As far as impressions go, we thought that Moroccans seemed mostly a rather sad and suppressed culture. The position of women was apparently quite unenviable, worse in Marrakech, and better in the north, particularly Chefchaouen. We heard hardly any music or singing. We saw relatively few people having a joke with each other. It was quite hard to find a Moroccan with whom one could have a chat that didn't degenerate into some sort of commercial interaction, 'Gimme money to take my photo.' Or 'Gimme money for giving you directions'.

The food was pretty bland and repetitive, in spite of ingredients and fresh produce being easily available.

Compared to 1969/70 (when I was last there) there were several differences. I got the impression that the population had increased markedly. Records suggest it doubled from 17 million in 1975 to 35 million now. There appeared to be a lot of unemployed or underemployed men wandering the streets, or doing trivial work.

Some of the different impressions might have stemmed from changes in myself. People behave differently towards an impoverished student of 20, compared to an old white man who might represent a financial opportunity.

In 1970, Marrakech seemed to me very exotic and vibrant. Now it seemed somewhat degraded, and the country needed development that had passed it by, or been misapplied. 

Some of the best conversations we had were with the guides we hired at different stages. Once we had established a relationship, and some mutual trust, it was possible to go 'off piste' a bit and ask opinions about political or religious matters. The latter was a bit more sensitive. I asked one guide, in the context of us admiring some magnificent old Islamic architecture, how his people made sense of the Moors being so advanced in science, medicine, architecture, etc, until some time after the Reconquista (when the Christians drove the Moors out of Spain in 1492), and the relative rise of the West and the decline of Islam ever since. (The question was intended to raise the topic of the European Enlightenment, the equivalent of which appears to have eluded Islamic countries). 

He was an intelligent man, a teacher of languages at secondary school. His reply surprised me. 'We lost our belief in pure Islam'.

The conversation dried up then. We were travelling in the area where two young Scandinavian women back-packers had just been beheaded by Islamic radicals. 

There were some other things we noticed. Pretty much wherever we went, we saw large unfinished and unoccupied houses. They were like ugly concrete Moroccan McMansions. A huge proportion of them had bristles of rusty reo sticking out of the corners of their roofs, as if there was a plan one day to add another story. 



See the reo bristles

What could this mean? Huge investments in grandiose unfinished real estate. Minimal investment in the most rudimentary agricultural machinery. Old women sitting on the ground clipping grass to feed to donkeys, where a small tractor would have been much more productive.

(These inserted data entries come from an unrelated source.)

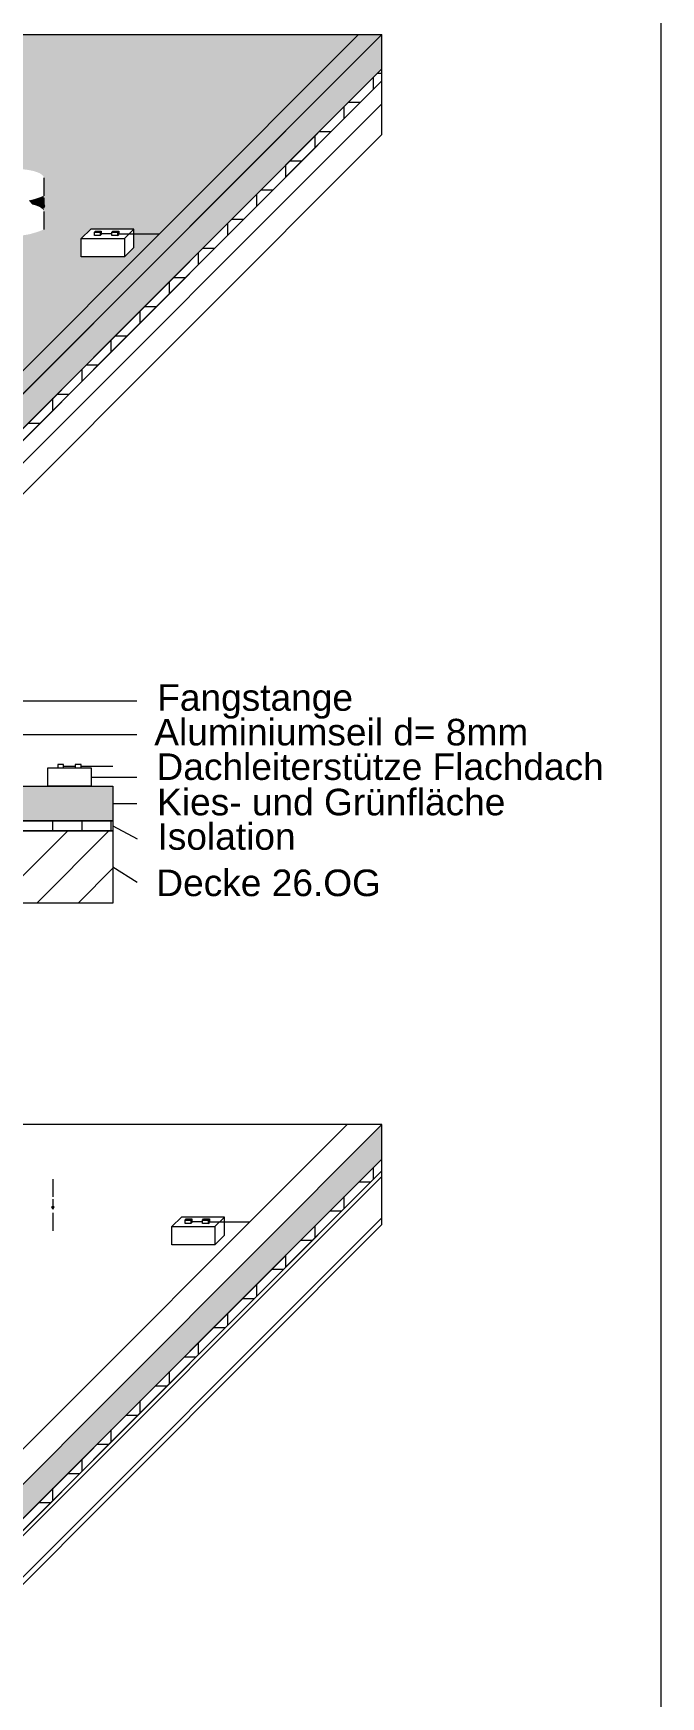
# Model space of a CAD drawing. Extents: x -1132 to 613, y -233 to 616.
# Drawn here: x 328 to 392.6, y -80 to 91.1 of the extents above; entities that cross this region are included whole.
import ezdxf

# ---------------------------------------------------------------- set-up
doc = ezdxf.new("R2010")
doc.units = 0
doc.layers.get('0').update_dxf_attribs({"lineweight": 13})
for name, color, linetype, lineweight, true_color in [('Boden 8.OG', 7, 'Continuous', 13, 0xc0c0c0), ('Bodenplatten', 9, 'Continuous', 13, 0x808080), ('EL01_WAN_Fangleitungen bestehend Kün', 1, 'Continuous', 13, 0xff0000), ('EL01_WAN_Geometrie', 3, 'Continuous', 13, 0x00ff00), ('EL01_WAN_Pfeil', 1, 'Continuous', 13, 0xff0000), ('EL01_WAN_Text-A0GYANLIE9', 2, 'Continuous', 13, 0xffff00), ('Erde Kies Gestein', 9, 'Continuous', 13, 0x808080), ('Isolation Boden 8.OG', 7, 'Continuous', 13, 0x00e500)]:
    doc.layers.add(name, color=color, linetype=linetype, lineweight=lineweight, true_color=true_color)
doc.layers.add('EL01_WAN_Dachleiterstütze', color=7, linetype='Continuous', lineweight=13)
doc.layers.add('EL01_WAN_Text', color=7, linetype='Continuous', lineweight=13)
doc.styles.get("Standard").update_dxf_attribs({"font": 'arial.ttf'})

# ---------------------------------------------------------------- blocks, each defined once
blk = doc.blocks.new('Polygon-A0UJ2EAQXE', base_point=(329.48, 13.67))
at = {"color": 0, "linetype": 'ByBlock', "lineweight": -2, "ltscale": 0.13}
for p, q in [((329.48, 13.67), (329.48, 15.55)), ((329.48, 15.55), (333.93, 15.55)), ((333.93, 15.55), (333.93, 13.67)), ((333.93, 13.67), (329.48, 13.67))]:
    blk.add_line(p, q, dxfattribs=at)
blk = doc.blocks.new('Schraffur-A0UJ2EASXE', base_point=(210.58, 34.85))
at = {"color": 0, "lineweight": -2}
blk.add_line((314.86, 34.85), (363.86, 83.85), dxfattribs=at)
blk = doc.blocks.new('Polygon-A0UJ2EAYXE', base_point=(210.58, 41.58))
at = {"color": 0, "linetype": 'ByBlock', "lineweight": -2, "ltscale": 0.13}
for p, q in [((318.01, 45.14), (363.86, 90.99)), ((363.86, 87.44), (363.86, 90.99)), ((318.01, 41.58), (363.86, 87.44))]:
    blk.add_line(p, q, dxfattribs=at)
blk = doc.blocks.new('Polygon-A0UJ2EB0XE', base_point=(210.58, 9.09))
at = {"color": 0, "linetype": 'ByBlock', "lineweight": -2, "ltscale": 0.13}
for p, q in [((210.58, 10.12), (336.16, 10.12)), ((336.16, 9.09), (210.58, 9.09)), ((336.16, 10.12), (336.16, 9.09))]:
    blk.add_line(p, q, dxfattribs=at)
blk = doc.blocks.new('Schraffur-A0UJ2EB4XE', base_point=(210.58, 41.58))
at = {"linetype": 'ByBlock', "lineweight": -2, "ltscale": 0.13}
blk.add_hatch(color=0, dxfattribs=at).paths.add_polyline_path([(210.58, 45.14), (318.01, 45.14), (363.86, 90.99), (363.86, 87.44), (318.01, 41.58), (210.58, 41.58)])
blk = doc.blocks.new('Polygon-A0UJ2EBMXE', base_point=(210.58, 34.85))
at = {"color": 0, "linetype": 'ByBlock', "lineweight": -2, "ltscale": 0.13}
for p, q in [((363.86, 86.21), (318.01, 40.36)), ((363.86, 80.7), (363.86, 86.21)), ((318.01, 34.85), (363.86, 80.7))]:
    blk.add_line(p, q, dxfattribs=at)
blk = doc.blocks.new('Schraffur-A0UJ2EBOXE', base_point=(213, 40.36))
at = {"color": 0, "lineweight": -2}
for p, q in [((363, 85.35), (363, 86.57)), ((363.43, 87), (363.86, 87)), ((360.43, 84), (361.65, 84)), ((360, 82.35), (360, 83.57)), ((357, 79.35), (357, 80.57)), ((357.43, 81), (358.65, 81)), ((354, 76.35), (354, 77.57)), ((354.43, 78), (355.65, 78)), ((351, 73.35), (351, 74.57)), ((351.43, 75), (352.65, 75)), ((348.43, 72), (349.65, 72)), ((348, 70.35), (348, 71.57)), ((345, 67.35), (345, 68.57)), ((345.43, 69), (346.65, 69)), ((342, 64.35), (342, 65.57)), ((342.43, 66), (343.65, 66)), ((339, 61.35), (339, 62.57)), ((339.43, 63), (340.65, 63)), ((336.43, 60), (337.65, 60)), ((336, 58.35), (336, 59.57)), ((333, 55.35), (333, 56.57)), ((333.43, 57), (334.65, 57)), ((330, 52.35), (330, 53.57)), ((330.43, 54), (331.65, 54)), ((327.43, 51), (328.65, 51))]:
    blk.add_line(p, q, dxfattribs=at)
blk = doc.blocks.new('Schraffur-A0UJ2EBSXE', base_point=(213, -71.74))
at = {"color": 0, "lineweight": -2}
for p, q in [((363, -26.75), (363, -25.53)), ((361.53, -27), (362.75, -27)), ((360, -29.75), (360, -28.53)), ((358.53, -30), (359.75, -30)), ((357, -32.75), (357, -31.53)), ((355.53, -33), (356.75, -33)), ((354, -35.75), (354, -34.53)), ((351, -38.75), (351, -37.53)), ((352.53, -36), (353.75, -36)), ((349.53, -39), (350.75, -39)), ((348, -41.75), (348, -40.53)), ((346.53, -42), (347.75, -42)), ((345, -44.75), (345, -43.53)), ((343.53, -45), (344.75, -45)), ((342, -47.75), (342, -46.53)), ((339, -50.75), (339, -49.53)), ((340.53, -48), (341.75, -48)), ((337.53, -51), (338.75, -51)), ((336, -53.75), (336, -52.53)), ((334.53, -54), (335.75, -54)), ((333, -56.75), (333, -55.53)), ((331.53, -57), (332.75, -57)), ((330, -59.75), (330, -58.53)), ((328.53, -60), (329.75, -60))]:
    blk.add_line(p, q, dxfattribs=at)
blk = doc.blocks.new('Polygon-A0UJ2ECAXE', base_point=(210.58, 10.12))
at = {"color": 0, "linetype": 'ByBlock', "lineweight": -2, "ltscale": 0.13}
for p, q in [((210.58, 13.67), (336.16, 13.67)), ((336.16, 13.67), (336.16, 10.12)), ((336.16, 10.12), (210.58, 10.12))]:
    blk.add_line(p, q, dxfattribs=at)
blk = doc.blocks.new('Polygon-A0UJ2ECOXE', base_point=(330.52, 15.55))
at = {"color": 0, "linetype": 'ByBlock', "lineweight": -2, "ltscale": 0.13}
for p, q in [((331.11, 15.91), (330.52, 15.91)), ((330.52, 15.91), (330.52, 15.55)), ((330.52, 15.55), (331.11, 15.55)), ((331.11, 15.55), (331.11, 15.91))]:
    blk.add_line(p, q, dxfattribs=at)
blk = doc.blocks.new('Polygon-A0UJ2ED2XE', base_point=(332.92, 68.1))
at = {"color": 0, "linetype": 'ByBlock', "lineweight": -2, "ltscale": 0.13}
for p, q in [((332.92, 68.1), (332.92, 69.98)), ((332.92, 69.98), (337.37, 69.98)), ((337.37, 69.98), (337.37, 68.1)), ((337.37, 68.1), (332.92, 68.1))]:
    blk.add_line(p, q, dxfattribs=at)
blk = doc.blocks.new('Polygon-A0UJ2ED6XE', base_point=(332.31, 15.55))
at = {"color": 0, "linetype": 'ByBlock', "lineweight": -2, "ltscale": 0.13}
for p, q in [((332.9, 15.91), (332.31, 15.91)), ((332.31, 15.91), (332.31, 15.55)), ((332.31, 15.55), (332.9, 15.55)), ((332.9, 15.55), (332.9, 15.91))]:
    blk.add_line(p, q, dxfattribs=at)
blk = doc.blocks.new('Schraffur-A0UJ2EDGXE', base_point=(210.58, -77.26))
at = {"color": 0, "lineweight": -2}
for p, q in [((313.06, -77.26), (363.86, -26.46)), ((317.31, -77.26), (363.86, -30.7))]:
    blk.add_line(p, q, dxfattribs=at)
blk = doc.blocks.new('Schraffur-A0UJ2EDSXE', base_point=(210.58, -70.52))
at = {"linetype": 'ByBlock', "lineweight": -2, "ltscale": 0.13}
blk.add_hatch(color=0, dxfattribs=at).paths.add_polyline_path([(210.58, -66.97), (318.01, -66.97), (363.86, -21.11), (363.86, -24.67), (318.01, -70.52), (210.58, -70.52)])
blk = doc.blocks.new('Polygon-A0UJ2EE2XE', base_point=(336.07, 70.29))
at = {"color": 0, "linetype": 'ByBlock', "lineweight": -2, "ltscale": 0.13}
for p, q in [((336.07, 70.65), (336.67, 70.65)), ((336.07, 70.29), (336.07, 70.65)), ((336.67, 70.29), (336.07, 70.29)), ((336.67, 70.65), (336.67, 70.29))]:
    blk.add_line(p, q, dxfattribs=at)
blk = doc.blocks.new('Polygon-A0UJ2EECXE', base_point=(210.58, 1.66))
at = {"color": 0, "linetype": 'ByBlock', "lineweight": -2, "ltscale": 0.13}
for p, q in [((210.58, 9.09), (336.16, 9.09)), ((336.16, 9.09), (336.16, 1.66)), ((336.16, 1.66), (210.58, 1.66))]:
    blk.add_line(p, q, dxfattribs=at)
blk = doc.blocks.new('Polygon-A0UJ2EEOXE', base_point=(202.58, -124.51))
at = {"color": 0, "linetype": 'ByBlock', "lineweight": -2, "ltscale": 0.13}
blk.add_line((392.58, 108.03), (392.58, -124.51), dxfattribs=at)
blk = doc.blocks.new('Polygon-A0UJ2EFYXE', base_point=(210.58, -77.26))
at = {"color": 0, "linetype": 'ByBlock', "lineweight": -2, "ltscale": 0.13}
for p, q in [((363.86, -25.89), (318.01, -71.74)), ((363.86, -31.41), (363.86, -25.89)), ((318.01, -77.26), (363.86, -31.41))]:
    blk.add_line(p, q, dxfattribs=at)
blk = doc.blocks.new('Polygon-A0UJ2EH4XE', base_point=(345.4, -31.3))
at = {"color": 0, "linetype": 'ByBlock', "lineweight": -2, "ltscale": 0.13}
for p, q in [((345.4, -30.94), (345.99, -30.94)), ((345.4, -31.3), (345.4, -30.94)), ((345.99, -31.3), (345.4, -31.3)), ((345.99, -30.94), (345.99, -31.3))]:
    blk.add_line(p, q, dxfattribs=at)
blk = doc.blocks.new('Schraffur-A0UJ2EH6XE', base_point=(210.58, 1.66))
at = {"color": 0, "lineweight": -2}
for p, q in [((324.1, 1.66), (331.53, 9.09)), ((328.34, 1.66), (335.77, 9.09)), ((332.59, 1.66), (336.16, 5.23))]:
    blk.add_line(p, q, dxfattribs=at)
blk = doc.blocks.new('Polygon-A0UJ2EHCXE', base_point=(210.58, 40.36))
at = {"color": 0, "linetype": 'ByBlock', "lineweight": -2, "ltscale": 0.13}
for p, q in [((363.86, 87.44), (318.01, 41.58)), ((363.86, 86.21), (363.86, 87.44)), ((318.01, 40.36), (363.86, 86.21))]:
    blk.add_line(p, q, dxfattribs=at)
blk = doc.blocks.new('Polygon-A0UJ2EHEXE', base_point=(343.61, -31.3))
at = {"color": 0, "linetype": 'ByBlock', "lineweight": -2, "ltscale": 0.13}
for p, q in [((343.61, -30.94), (344.2, -30.94)), ((343.61, -31.3), (343.61, -30.94)), ((344.2, -31.3), (343.61, -31.3)), ((344.2, -30.94), (344.2, -31.3))]:
    blk.add_line(p, q, dxfattribs=at)
blk = doc.blocks.new('Polygon-A0UJ2EHUXE', base_point=(334.28, 70.29))
at = {"color": 0, "linetype": 'ByBlock', "lineweight": -2, "ltscale": 0.13}
for p, q in [((334.28, 70.65), (334.88, 70.65)), ((334.28, 70.29), (334.28, 70.65)), ((334.88, 70.29), (334.28, 70.29)), ((334.88, 70.65), (334.88, 70.29))]:
    blk.add_line(p, q, dxfattribs=at)
blk = doc.blocks.new('Polygon-A0UJ2EI0XE', base_point=(210.58, -70.52))
at = {"color": 0, "linetype": 'ByBlock', "lineweight": -2, "ltscale": 0.13}
for p, q in [((318.01, -66.97), (363.86, -21.11)), ((363.86, -24.67), (363.86, -21.11)), ((318.01, -70.52), (363.86, -24.67))]:
    blk.add_line(p, q, dxfattribs=at)
blk = doc.blocks.new('Schraffur-A0UJ2EI4XE', base_point=(210.58, 45.14))
at = {"color": 0, "linetype": 'ByBlock', "lineweight": -2, "ltscale": 0.13}
for points in [[(363.86, 90.99), (261.03, 89.32), (256.43, 90.99)], [(363.86, 90.99), (261.13, 89.32), (261.03, 89.32)], [(363.86, 90.99), (261.21, 89.31), (261.13, 89.32)], [(363.86, 90.99), (261.27, 89.3), (261.21, 89.31)], [(363.86, 90.99), (261.31, 89.3), (261.27, 89.3)], [(363.86, 90.99), (261.35, 89.28), (261.31, 89.3)], [(363.86, 90.99), (261.38, 89.27), (261.35, 89.28)], [(363.86, 90.99), (261.41, 89.26), (261.38, 89.27)], [(363.86, 90.99), (261.44, 89.25), (261.41, 89.26)], [(363.86, 90.99), (261.45, 89.24), (261.44, 89.25)], [(363.86, 90.99), (261.47, 89.23), (261.45, 89.24)], [(363.86, 90.99), (261.48, 89.22), (261.47, 89.22)], [(363.86, 90.99), (261.47, 89.22), (261.47, 89.23)], [(363.86, 90.99), (261.49, 89.21), (261.48, 89.22)], [(363.86, 90.99), (261.5, 89.2), (261.49, 89.21)], [(363.86, 90.99), (320.32, 89.32), (261.5, 89.17)], [(363.86, 90.99), (261.5, 89.17), (261.5, 89.18)], [(363.86, 90.99), (261.5, 89.18), (261.5, 89.19)], [(363.86, 90.99), (261.5, 89.19), (261.5, 89.2)], [(363.86, 90.99), (318.01, 45.14), (337.37, 68.1)], [(363.86, 90.99), (320.39, 89.32), (320.32, 89.32)], [(363.86, 90.99), (320.43, 89.32), (320.39, 89.32)], [(363.86, 90.99), (320.49, 89.32), (320.43, 89.32)], [(363.86, 90.99), (320.54, 89.32), (320.49, 89.32)], [(363.86, 90.99), (320.58, 89.31), (320.54, 89.32)], [(363.86, 90.99), (320.64, 89.3), (320.58, 89.31)], [(363.86, 90.99), (320.69, 89.29), (320.64, 89.3)], [(363.86, 90.99), (320.75, 89.27), (320.69, 89.29)], [(363.86, 90.99), (320.8, 89.24), (320.75, 89.27)], [(363.86, 90.99), (320.82, 89.23), (320.8, 89.24)], [(363.86, 90.99), (320.85, 89.2), (320.82, 89.23)], [(363.86, 90.99), (323.61, 76.83), (320.85, 77.72)], [(363.86, 90.99), (320.85, 77.72), (320.85, 78.05)], [(363.86, 90.99), (320.85, 78.05), (320.85, 85.98)], [(363.86, 90.99), (320.85, 85.98), (320.85, 89.17)], [(363.86, 90.99), (320.85, 89.17), (320.85, 89.19)], [(363.86, 90.99), (320.85, 89.19), (320.85, 89.2)], [(363.86, 90.99), (323.95, 76.94), (323.61, 76.83)], [(363.86, 90.99), (324.32, 77.02), (323.95, 76.94)], [(363.86, 90.99), (325.9, 77.49), (324.32, 77.02)], [(363.86, 90.99), (325.92, 77.49), (325.9, 77.49)], [(363.86, 90.99), (325.93, 77.49), (325.92, 77.49)], [(363.86, 90.99), (325.95, 77.5), (325.93, 77.49)], [(363.86, 90.99), (325.96, 77.5), (325.95, 77.5)], [(363.86, 90.99), (325.97, 77.5), (325.96, 77.5)], [(363.86, 90.99), (325.98, 77.5), (325.97, 77.5)], [(363.86, 90.99), (326, 77.5), (325.98, 77.5)], [(363.86, 90.99), (326.01, 77.49), (326, 77.5)], [(363.86, 90.99), (326.03, 77.49), (326.01, 77.49)], [(363.86, 90.99), (326.05, 77.48), (326.03, 77.49)], [(363.86, 90.99), (326.06, 77.48), (326.05, 77.48)], [(363.86, 90.99), (326.07, 77.47), (326.06, 77.48)], [(363.86, 90.99), (326.36, 77.15), (326.07, 77.16)], [(363.86, 90.99), (326.07, 77.16), (326.07, 77.46)], [(363.86, 90.99), (326.07, 77.46), (326.07, 77.47)], [(363.86, 90.99), (326.07, 77.47), (326.07, 77.47)], [(363.86, 90.99), (326.65, 77.14), (326.36, 77.15)], [(363.86, 90.99), (326.95, 77.11), (326.65, 77.14)], [(363.86, 90.99), (327.28, 77.07), (326.95, 77.11)], [(363.86, 90.99), (327.5, 77.04), (327.28, 77.07)], [(363.86, 90.99), (327.65, 77.01), (327.5, 77.04)], [(363.86, 90.99), (327.82, 76.98), (327.65, 77.01)], [(363.86, 90.99), (327.98, 76.94), (327.82, 76.98)], [(363.86, 90.99), (328.16, 76.89), (327.98, 76.94)], [(363.86, 90.99), (328.31, 76.84), (328.16, 76.89)], [(363.86, 90.99), (328.48, 76.78), (328.31, 76.84)], [(363.86, 90.99), (328.64, 76.71), (328.48, 76.78)], [(363.86, 90.99), (328.74, 76.65), (328.64, 76.71)], [(363.86, 90.99), (328.9, 76.53), (328.74, 76.65)], [(363.86, 90.99), (328.98, 76.46), (328.9, 76.53)], [(363.86, 90.99), (329.02, 76.38), (328.98, 76.46)], [(363.86, 90.99), (329.05, 76.33), (329.02, 76.38)], [(363.86, 90.99), (329.06, 76.27), (329.05, 76.33)], [(363.86, 90.99), (333.9, 70.96), (329.06, 74.39)], [(363.86, 90.99), (329.06, 74.39), (329.06, 76.24)], [(363.86, 90.99), (329.06, 76.24), (329.06, 76.27)], [(363.86, 90.99), (338.35, 70.96), (333.9, 70.96)], [(363.86, 90.99), (337.37, 68.1), (338.35, 69.08)], [(363.86, 90.99), (338.35, 69.08), (338.35, 70.96)], [(328.08, 74.04), (327.87, 73.5), (327.53, 73.9)], [(328.13, 73.43), (328.08, 74.04), (327.87, 73.5)], [(328.58, 74.2), (328.13, 73.43), (328.08, 74.04)], [(328.38, 73.35), (328.58, 74.2), (328.13, 73.43)], [(328.63, 73.24), (328.38, 73.35), (328.58, 74.2)], [(329.06, 74.39), (328.63, 73.24), (328.58, 74.2)], [(329.06, 74.39), (328.8, 73.13), (328.63, 73.24)], [(329.06, 74.39), (328.96, 73), (328.8, 73.13)], [(329.06, 74.39), (329.04, 72.89), (328.96, 73)], [(329.06, 74.39), (329.06, 72.76), (329.04, 72.89)], [(332.92, 68.1), (329.06, 70.92), (329.06, 74.39)], [(332.92, 68.1), (329.06, 74.39), (332.92, 69.98)], [(329.06, 74.39), (329.06, 70.92), (329.06, 72.76)], [(329.06, 74.39), (333.9, 70.96), (332.92, 69.98)], [(332.92, 68.1), (323.48, 69.73), (324.07, 70.52)], [(332.92, 68.1), (324.07, 70.52), (324.63, 70.39)], [(332.92, 68.1), (324.63, 70.39), (325.07, 70.32)], [(332.92, 68.1), (325.07, 70.32), (325.84, 70.26)], [(332.92, 68.1), (325.84, 70.26), (326.41, 70.28)], [(332.92, 68.1), (326.41, 70.28), (326.98, 70.33)], [(332.92, 68.1), (326.98, 70.33), (327.61, 70.44)], [(332.92, 68.1), (327.61, 70.44), (328.42, 70.67)], [(332.92, 68.1), (328.42, 70.67), (329.06, 70.92)], [(332.92, 68.1), (323.48, 66.26), (323.48, 69.73)], [(318.01, 45.14), (321.8, 65.74), (337.37, 68.1)], [(321.8, 65.74), (337.37, 68.1), (322.54, 65.92)], [(337.37, 68.1), (322.54, 65.92), (323.48, 66.26)], [(332.92, 68.1), (337.37, 68.1), (323.48, 66.26)]]:
    blk.add_solid(points, dxfattribs=at)
blk = doc.blocks.new('Schraffur-A0UJ2EIEXE', base_point=(210.58, 10.12))
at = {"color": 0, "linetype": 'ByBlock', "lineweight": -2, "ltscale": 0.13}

My suspicion is that a lot of the workforce travels to Europe and sends back remittances, and they visit a few weeks a year and dream of having a big house. No doubt singing (silently) 'If I were a rich man, diddle diddle..' 


Another incongruity was the difference between old architecture, much of which was sublime, and the mass of modern buildings that looked crude and jerry-built.

One complicating factor was the culture's approach to internal and external space. The outsides of buildings that we stayed in were often very nondescript, yet inside they were very beautiful.


Dar Seffarine riad in Fez

Leaving Morocco and going to Spain, a one hour ferry ride, produced a dramatic difference in many things, perhaps most obviously in the appearance and behaviour of women. In Morocco, they were mostly covered up, and vigorously opposed having their photo taken. In Spain they welcomed photos and posed for us in their finery.